[[ Data records open ]]

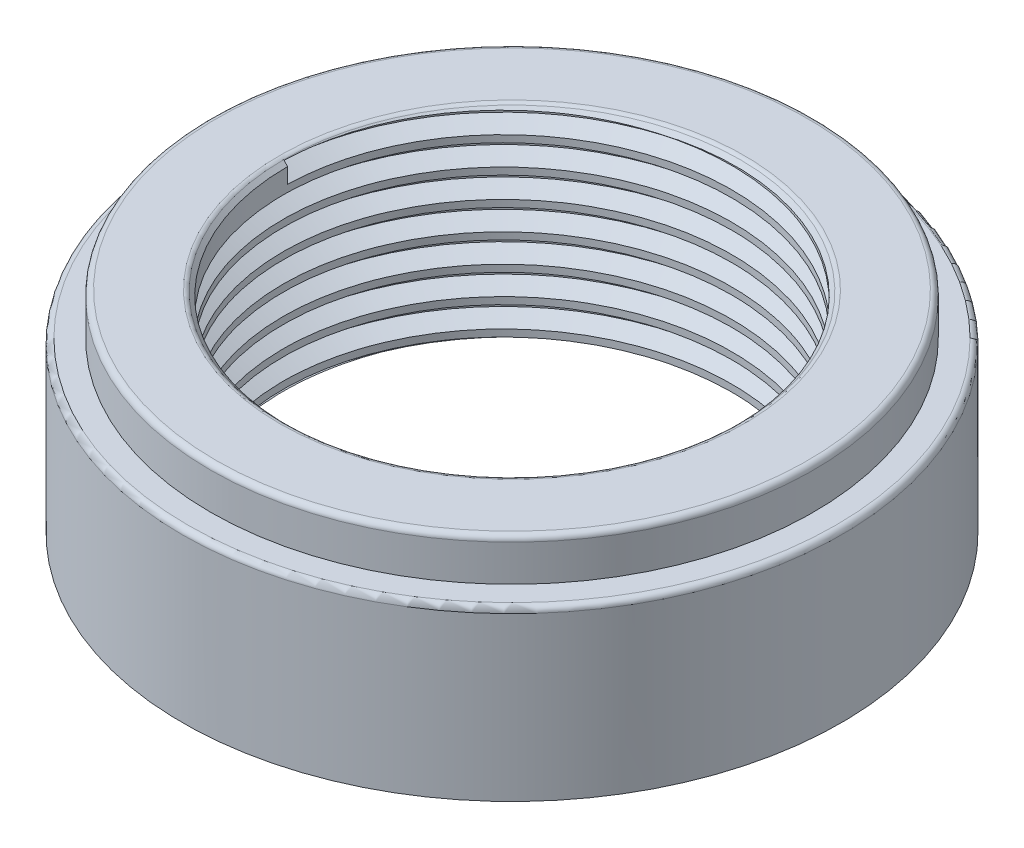
from build123d import *

# Parameters (mm, degrees)
SKETCH1_R           = 29.845
BOSS_EXTRUDE1_DEPTH = 19.05
CUT_EXTRUDE2_START  = -3.81
SKETCH16_R          = 29.845
SKETCH16_R_2        = 27.305
CUT_EXTRUDE2_DEPTH  = 3.81
SKETCH18_R          = 20.32
CUT_EXTRUDE3_DEPTH  = 47.30713282
THREAD2_PITCH       = 2.54
CHAMFER4_SIZE       = 0.508
FILLET3_R           = 0.508


with BuildPart() as part:
    # Sketch1 → Boss-Extrude1 (new body)
    with BuildSketch(Plane(origin=(0, 0, 0), x_dir=(1, 0, 0), z_dir=(0, 1, 0))):
        with Locations(Location((0, 0, 0), (0, 0, 90))):
            Circle(SKETCH1_R)
    extrude(amount=BOSS_EXTRUDE1_DEPTH)

    # Sketch16 → Cut-Extrude2 (cut)
    with BuildSketch(Plane(origin=(0, 19.05, 0), x_dir=(1, 0, 0), z_dir=(0, 1, 0)).offset(CUT_EXTRUDE2_START)):
        with Locations(Location((0, 0, 0), (0, 0, 90))):
            Circle(SKETCH16_R)
        with Locations(Location((0, 0, 0), (0, 0, 270))):
            Circle(SKETCH16_R_2, mode=Mode.SUBTRACT)
    extrude(amount=CUT_EXTRUDE2_DEPTH, mode=Mode.SUBTRACT)

    # Sketch18 → Cut-Extrude3 (cut, through all)
    with BuildSketch(Plane(origin=(0, 19.05, 0), x_dir=(1, 0, 0), z_dir=(0, 1, 0))):
        with Locations(Location((0, 0, 0), (0, 0, 270))):
            Circle(SKETCH18_R)
    extrude(amount=-CUT_EXTRUDE3_DEPTH, mode=Mode.SUBTRACT)

    # Thread2: the profile of Thread Profile2 profile screwed along a right-hand helix of 7.5 turns, 10 arcs to a turn; built about Z, then put on its axis
    thread2_z = Axis((0, 0, 0), (0, 0, 1))
    thread2_corners = [(20.3197, 0, -0.000173205), (21.694815322, 0, 0.793749997), (21.694815322, 0, 1.111249997), (20.3197, 0, 1.905173198)]
    with BuildLine(mode=Mode.PRIVATE) as thread2_profile:
        Line(thread2_corners[0], thread2_corners[1])
        Line(thread2_corners[1], thread2_corners[2])
        Line(thread2_corners[2], thread2_corners[3])
        Line(thread2_corners[3], thread2_corners[0])
    thread2_cap = Face(thread2_profile.wire())
    thread2_turn_angles = [0, 18, 36, 54, 72, 90, 108, 126, 144, 162, 180, 198, 216, 234, 252, 270, 288, 306, 324, 342, 360]
    thread2_turn_weights = [1, 0.9510565162951535, 1, 0.9510565162951535, 1, 0.9510565162951535, 1, 0.9510565162951535, 1, 0.9510565162951535, 1, 0.9510565162951535, 1, 0.9510565162951535, 1, 0.9510565162951535, 1, 0.9510565162951535, 1, 0.9510565162951535, 1]
    thread2_turn_rails = [Edge.make_bspline([Vector(p[0], p[1], 0).rotate(thread2_z, thread2_turn_angles[k]) / thread2_turn_weights[k] + Vector(0, 0, p[2] + THREAD2_PITCH * thread2_turn_angles[k] / 360) for k in range(21)], [0, 0, 0, 1, 1, 2, 2, 3, 3, 4, 4, 5, 5, 6, 6, 7, 7, 8, 8, 9, 9, 10, 10, 10], 2, thread2_turn_weights) for p in thread2_corners]
    thread2_turn_sides = [Face.make_surface_from_curves(thread2_turn_rails[p[0]], thread2_turn_rails[p[1]]) for p in [(0, 1), (1, 2), (2, 3), (3, 0)]]
    thread2_last_angles = [2520, 2538, 2556, 2574, 2592, 2610, 2628, 2646, 2664, 2682, 2700]
    thread2_last_weights = [1, 0.9510565162951535, 1, 0.9510565162951535, 1, 0.9510565162951535, 1, 0.9510565162951535, 1, 0.9510565162951535, 1]
    thread2_last_rails = [Edge.make_bspline([Vector(p[0], p[1], 0).rotate(thread2_z, thread2_last_angles[k]) / thread2_last_weights[k] + Vector(0, 0, p[2] + THREAD2_PITCH * thread2_last_angles[k] / 360) for k in range(11)], [0, 0, 0, 1, 1, 2, 2, 3, 3, 4, 4, 5, 5, 5], 2, thread2_last_weights) for p in thread2_corners]
    thread2_last_sides = [Face.make_surface_from_curves(thread2_last_rails[p[0]], thread2_last_rails[p[1]]) for p in [(0, 1), (1, 2), (2, 3), (3, 0)]]
    thread2 = Plane(origin=(0, 19.05, 0), x_dir=(-1, 0, 0), z_dir=(0, -1, 0)) * Solid(Shell([*[p.moved(Location((0, 0, THREAD2_PITCH * i))) for i in range(7) for p in thread2_turn_sides], *thread2_last_sides, thread2_cap, thread2_cap.rotate(thread2_z, 2700).moved(Location((0, 0, THREAD2_PITCH * 2700 / 360)))]))
    add(thread2, mode=Mode.SUBTRACT)

    # Chamfer4
    # the kernel refuses this chamfer: 0.508 mm, written as the material it takes off along each edge
    with BuildSketch(Plane(origin=(0, 19.05, 0), x_dir=(0, 0, 1), z_dir=(-1, 0, 0))) as chamfer4_piece_1:
        Polygon((20.32 + CHAMFER4_SIZE, 0), (20.32, -CHAMFER4_SIZE), (20.32, 0), align=None)
    revolve(axis=Axis((0, 19.05, 0), (0, 1, 0)), revolution_arc=270, mode=Mode.SUBTRACT)
    with BuildSketch(Plane(origin=(0, 19.05, 0), x_dir=(-1, 0, 0), z_dir=(0, 0, -1))) as chamfer4_piece_2:
        Polygon((20.32 + CHAMFER4_SIZE, 0), (20.32, -CHAMFER4_SIZE), (20.32, 0), align=None)
    revolve(axis=Axis((0, 19.05, 0), (0, 1, 0)), revolution_arc=90, mode=Mode.SUBTRACT)

    # Fillet3
    fillet3_edges = [part.edges().sort_by_distance(p)[0] for p in [
        (20.828, 19.05, 0),
        (0, 15.24, 29.845),
        (0, 19.05, -27.305),
    ]]
    fillet(fillet3_edges, radius=FILLET3_R)


solid = part.part

[[ Data records closed ]]

■ About this exercise ■
Copy every record exactly as written, leaving out the pictures.

■ Result of the exercise ■
from build123d import *

# Parameters (mm, degrees)
SKETCH1_R           = 29.845
BOSS_EXTRUDE1_DEPTH = 19.05
CUT_EXTRUDE2_START  = -3.81
SKETCH16_R          = 29.845
SKETCH16_R_2        = 27.305
CUT_EXTRUDE2_DEPTH  = 3.81
SKETCH18_R          = 20.32
CUT_EXTRUDE3_DEPTH  = 47.30713282
THREAD2_PITCH       = 2.54
CHAMFER4_SIZE       = 0.508
FILLET3_R           = 0.508


with BuildPart() as part:
    # Sketch1 → Boss-Extrude1 (new body)
    with BuildSketch(Plane(origin=(0, 0, 0), x_dir=(1, 0, 0), z_dir=(0, 1, 0))):
        with Locations(Location((0, 0, 0), (0, 0, 90))):
            Circle(SKETCH1_R)
    extrude(amount=BOSS_EXTRUDE1_DEPTH)

    # Sketch16 → Cut-Extrude2 (cut)
    with BuildSketch(Plane(origin=(0, 19.05, 0), x_dir=(1, 0, 0), z_dir=(0, 1, 0)).offset(CUT_EXTRUDE2_START)):
        with Locations(Location((0, 0, 0), (0, 0, 90))):
            Circle(SKETCH16_R)
        with Locations(Location((0, 0, 0), (0, 0, 270))):
            Circle(SKETCH16_R_2, mode=Mode.SUBTRACT)
    extrude(amount=CUT_EXTRUDE2_DEPTH, mode=Mode.SUBTRACT)

    # Sketch18 → Cut-Extrude3 (cut, through all)
    with BuildSketch(Plane(origin=(0, 19.05, 0), x_dir=(1, 0, 0), z_dir=(0, 1, 0))):
        with Locations(Location((0, 0, 0), (0, 0, 270))):
            Circle(SKETCH18_R)
    extrude(amount=-CUT_EXTRUDE3_DEPTH, mode=Mode.SUBTRACT)

    # Thread2: the profile of Thread Profile2 profile screwed along a right-hand helix of 7.5 turns, 10 arcs to a turn; built about Z, then put on its axis
    thread2_z = Axis((0, 0, 0), (0, 0, 1))
    thread2_corners = [(20.3197, 0, -0.000173205), (21.694815322, 0, 0.793749997), (21.694815322, 0, 1.111249997), (20.3197, 0, 1.905173198)]
    with BuildLine(mode=Mode.PRIVATE) as thread2_profile:
        Line(thread2_corners[0], thread2_corners[1])
        Line(thread2_corners[1], thread2_corners[2])
        Line(thread2_corners[2], thread2_corners[3])
        Line(thread2_corners[3], thread2_corners[0])
    thread2_cap = Face(thread2_profile.wire())
    thread2_turn_angles = [0, 18, 36, 54, 72, 90, 108, 126, 144, 162, 180, 198, 216, 234, 252, 270, 288, 306, 324, 342, 360]
    thread2_turn_weights = [1, 0.9510565162951535, 1, 0.9510565162951535, 1, 0.9510565162951535, 1, 0.9510565162951535, 1, 0.9510565162951535, 1, 0.9510565162951535, 1, 0.9510565162951535, 1, 0.9510565162951535, 1, 0.9510565162951535, 1, 0.9510565162951535, 1]
    thread2_turn_rails = [Edge.make_bspline([Vector(p[0], p[1], 0).rotate(thread2_z, thread2_turn_angles[k]) / thread2_turn_weights[k] + Vector(0, 0, p[2] + THREAD2_PITCH * thread2_turn_angles[k] / 360) for k in range(21)], [0, 0, 0, 1, 1, 2, 2, 3, 3, 4, 4, 5, 5, 6, 6, 7, 7, 8, 8, 9, 9, 10, 10, 10], 2, thread2_turn_weights) for p in thread2_corners]
    thread2_turn_sides = [Face.make_surface_from_curves(thread2_turn_rails[p[0]], thread2_turn_rails[p[1]]) for p in [(0, 1), (1, 2), (2, 3), (3, 0)]]
    thread2_last_angles = [2520, 2538, 2556, 2574, 2592, 2610, 2628, 2646, 2664, 2682, 2700]
    thread2_last_weights = [1, 0.9510565162951535, 1, 0.9510565162951535, 1, 0.9510565162951535, 1, 0.9510565162951535, 1, 0.9510565162951535, 1]
    thread2_last_rails = [Edge.make_bspline([Vector(p[0], p[1], 0).rotate(thread2_z, thread2_last_angles[k]) / thread2_last_weights[k] + Vector(0, 0, p[2] + THREAD2_PITCH * thread2_last_angles[k] / 360) for k in range(11)], [0, 0, 0, 1, 1, 2, 2, 3, 3, 4, 4, 5, 5, 5], 2, thread2_last_weights) for p in thread2_corners]
    thread2_last_sides = [Face.make_surface_from_curves(thread2_last_rails[p[0]], thread2_last_rails[p[1]]) for p in [(0, 1), (1, 2), (2, 3), (3, 0)]]
    thread2 = Plane(origin=(0, 19.05, 0), x_dir=(-1, 0, 0), z_dir=(0, -1, 0)) * Solid(Shell([*[p.moved(Location((0, 0, THREAD2_PITCH * i))) for i in range(7) for p in thread2_turn_sides], *thread2_last_sides, thread2_cap, thread2_cap.rotate(thread2_z, 2700).moved(Location((0, 0, THREAD2_PITCH * 2700 / 360)))]))
    add(thread2, mode=Mode.SUBTRACT)

    # Chamfer4
    # the kernel refuses this chamfer: 0.508 mm, written as the material it takes off along each edge
    with BuildSketch(Plane(origin=(0, 19.05, 0), x_dir=(0, 0, 1), z_dir=(-1, 0, 0))) as chamfer4_piece_1:
        Polygon((20.32 + CHAMFER4_SIZE, 0), (20.32, -CHAMFER4_SIZE), (20.32, 0), align=None)
    revolve(axis=Axis((0, 19.05, 0), (0, 1, 0)), revolution_arc=270, mode=Mode.SUBTRACT)
    with BuildSketch(Plane(origin=(0, 19.05, 0), x_dir=(-1, 0, 0), z_dir=(0, 0, -1))) as chamfer4_piece_2:
        Polygon((20.32 + CHAMFER4_SIZE, 0), (20.32, -CHAMFER4_SIZE), (20.32, 0), align=None)
    revolve(axis=Axis((0, 19.05, 0), (0, 1, 0)), revolution_arc=90, mode=Mode.SUBTRACT)

    # Fillet3
    fillet3_edges = [part.edges().sort_by_distance(p)[0] for p in [
        (20.828, 19.05, 0),
        (0, 15.24, 29.845),
        (0, 19.05, -27.305),
    ]]
    fillet(fillet3_edges, radius=FILLET3_R)


solid = part.part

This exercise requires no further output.